Minghella's doesn't have quite a firm enough grip on his command of the suspense in "Ripley," so the movie never completely engages the audience's adrenaline. There's also a few times you may find yourself second guessing Tom Ripley when he fails to take the path of least resistance as he covers his tracks. But Minghella spins a captivating yarn nonetheless, so you'll still be more than willing to go along for the ride.

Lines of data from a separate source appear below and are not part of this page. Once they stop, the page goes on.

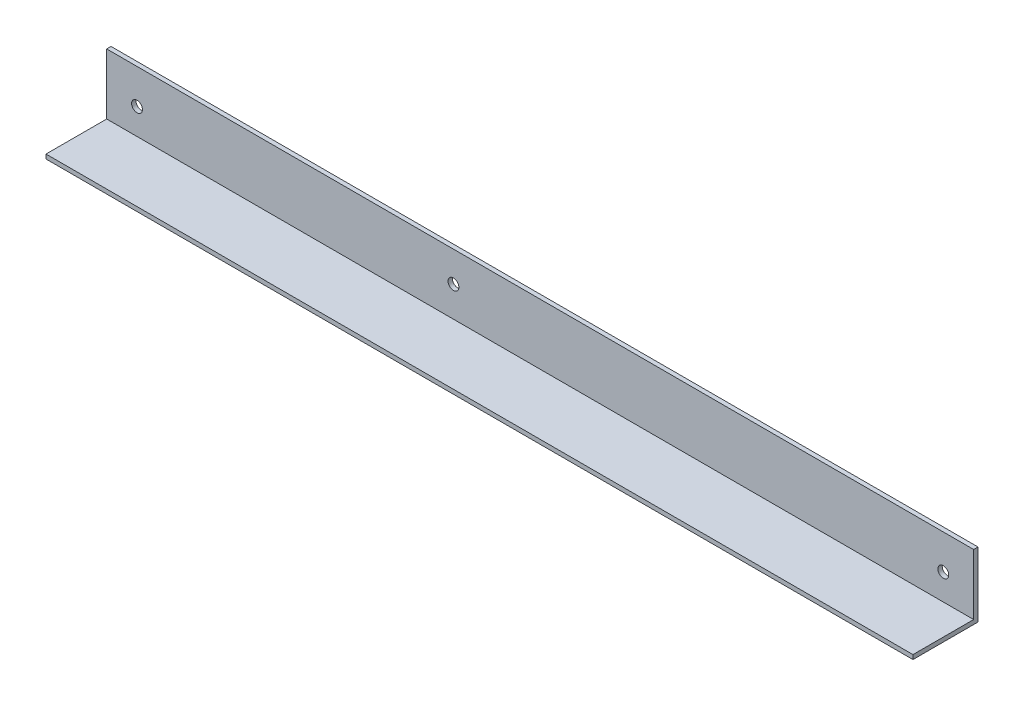
SolidWorks part; units mm, degrees
ref_plane "正面" through (0, 0, 0) normal (0, 0, 1) x (1, 0, 0)
ref_plane "平面" through (0, 0, 0) normal (0, 1, 0) x (1, 0, 0)
ref_plane "右側面" through (0, 0, 0) normal (1, 0, 0) x (0, 0, -1)
sketch "ｽｹｯﾁ1" plane through (0, 0, 0) normal (0, 0, 1) x (1, 0, 0)
  line L1 (0, 0) -> (200, 0)
  line L2 (0, 0) -> (0, 15)
  line L3 (0, 15) -> (200, 15)
  line L4 (200, 0) -> (200, 15)
  dimension "D1" = 200
  dimension "D2" = 15
extrude "ﾎﾞｽ - 押し出し1" add sketch "ｽｹｯﾁ1" along normal blind 1
sketch "ｽｹｯﾁ2" plane through (0, 0, 1) normal (0, 0, 1) x (1, 0, 0)
  line L1 (0, 0) -> (200, 0)
  line L2 (0, 0) -> (0, 1)
  line L3 (0, 1) -> (200, 1)
  line L4 (200, 0) -> (200, 1)
  dimension "D1" = 200
  dimension "D2" = 1
extrude "ﾎﾞｽ - 押し出し2" add sketch "ｽｹｯﾁ2" along normal blind 14
hole_wizard "M3x0.5 ねじ穴1" positions "ｽｹｯﾁ5" profile "ｽｹｯﾁ6" tap size "M3x0.5" standard "JIS" end condition through all
sketch "ｽｹｯﾁ5" plane through (0, 0, 0) normal (0, 0, -1) x (-1, 0, 0)
  line L0 (-200, 0) -> (-200, 15) construction
  line L1 (0, 0) -> (-200, 0) construction
  point P0 (-193, 7)
  dimension "D1" = 7
  dimension "D2" = 7
sketch "ｽｹｯﾁ6" plane through (193, 7, 0) normal (1, 0, 0) x (0, 1, 0)
  line L0 (0, 0) -> (0, 15)
  line L1 (0, 15) -> (1.25, 15)
  line L2 (1.25, 15) -> (1.25, 0)
  line L5 (1.25, 0) -> (0, 0)
  line L11 (0, -6.35) -> (0, 107.95) construction
  dimension "次ｻｰﾌｪｽまでのねじ下穴ﾄﾞﾘﾙ直径" = 2.5
  dimension "次ｻｰﾌｪｽまでのねじ下穴ﾄﾞﾘﾙの深さ" = 15
cosmetic thread "穴のねじ山3" parameters "D2"=3
hole_wizard "M3x0.5 ねじ穴2" positions "ｽｹｯﾁ7" profile "ｽｹｯﾁ8" tap size "M3x0.5" standard "JIS" end condition through all
sketch "ｽｹｯﾁ7" plane through (0, 0, 1) normal (0, 0, 1) x (1, 0, 0)
  line L0 (200, 15) -> (0, 15) construction
  line L1 (200, 1) -> (200, 15) construction
  point P0 (80, 8)
  point P7 (200, 8)
  dimension "D1" = 7
  dimension "D2" = 120
sketch "ｽｹｯﾁ8" plane through (80, 8, 1) normal (1, 0, 0) x (0, -1, 0)
  line L0 (0, 0) -> (0, 1)
  line L1 (0, 1) -> (1.25, 1)
  line L2 (1.25, 1) -> (1.25, 0)
  line L5 (1.25, 0) -> (0, 0)
  line L11 (0, -6.35) -> (0, 107.95) construction
  dimension "次ｻｰﾌｪｽまでのねじ下穴ﾄﾞﾘﾙ直径" = 2.5
  dimension "次ｻｰﾌｪｽまでのねじ下穴ﾄﾞﾘﾙの深さ" = 1
cosmetic thread "穴のねじ山4" parameters "D2"=3
hole_wizard "M3x0.5 ねじ穴3" positions "ｽｹｯﾁ9" profile "ｽｹｯﾁ10" tap size "M3x0.5" standard "JIS" end condition through all
sketch "ｽｹｯﾁ9" plane through (0, 0, 0) normal (0, 0, -1) x (-1, 0, 0)
  line L0 (0, 15) -> (0, 0) construction
  line L1 (0, 0) -> (-200, 0) construction
  point P0 (-7, 7)
  dimension "D1" = 7
  dimension "D2" = 7
sketch "ｽｹｯﾁ10" plane through (7, 7, 0) normal (1, 0, 0) x (0, 1, 0)
  line L0 (0, 0) -> (0, 15)
  line L1 (0, 15) -> (1.25, 15)
  line L2 (1.25, 15) -> (1.25, 0)
  line L5 (1.25, 0) -> (0, 0)
  line L11 (0, -6.35) -> (0, 107.95) construction
  dimension "次ｻｰﾌｪｽまでのねじ下穴ﾄﾞﾘﾙ直径" = 2.5
  dimension "次ｻｰﾌｪｽまでのねじ下穴ﾄﾞﾘﾙの深さ" = 15
cosmetic thread "穴のねじ山5" parameters "D2"=3

The director adapted the script from the 1955 novel by Patricia Highsmith -- whose "Strangers On a Train" became one of Hitchcock's most disquieting classics. He has embellished a bit (for example, the homosexual undertones are far more amplified than they were in the book), but he wisely still staged the story in the late 1950s, allowing him to develop an even more acute Hitchcockian atmosphere, infuse the film with a dollop of delicious jazz music, and put Paltrow and Blanchett in some stunning dresses.

There's been a lot of Academy Award buzz for "The Talented Mr. Ripley." I don't think I'd rank it in the Oscar-caliber category, but taken for what it is -- an attempt to revive the spirit of Technicolor Hitchcockian noir -- it's aces.

By the way, if you're the compare-and-contrast type, you might want to note that Highsmith's novel was filmed once before in 1960 as "Purple Noon."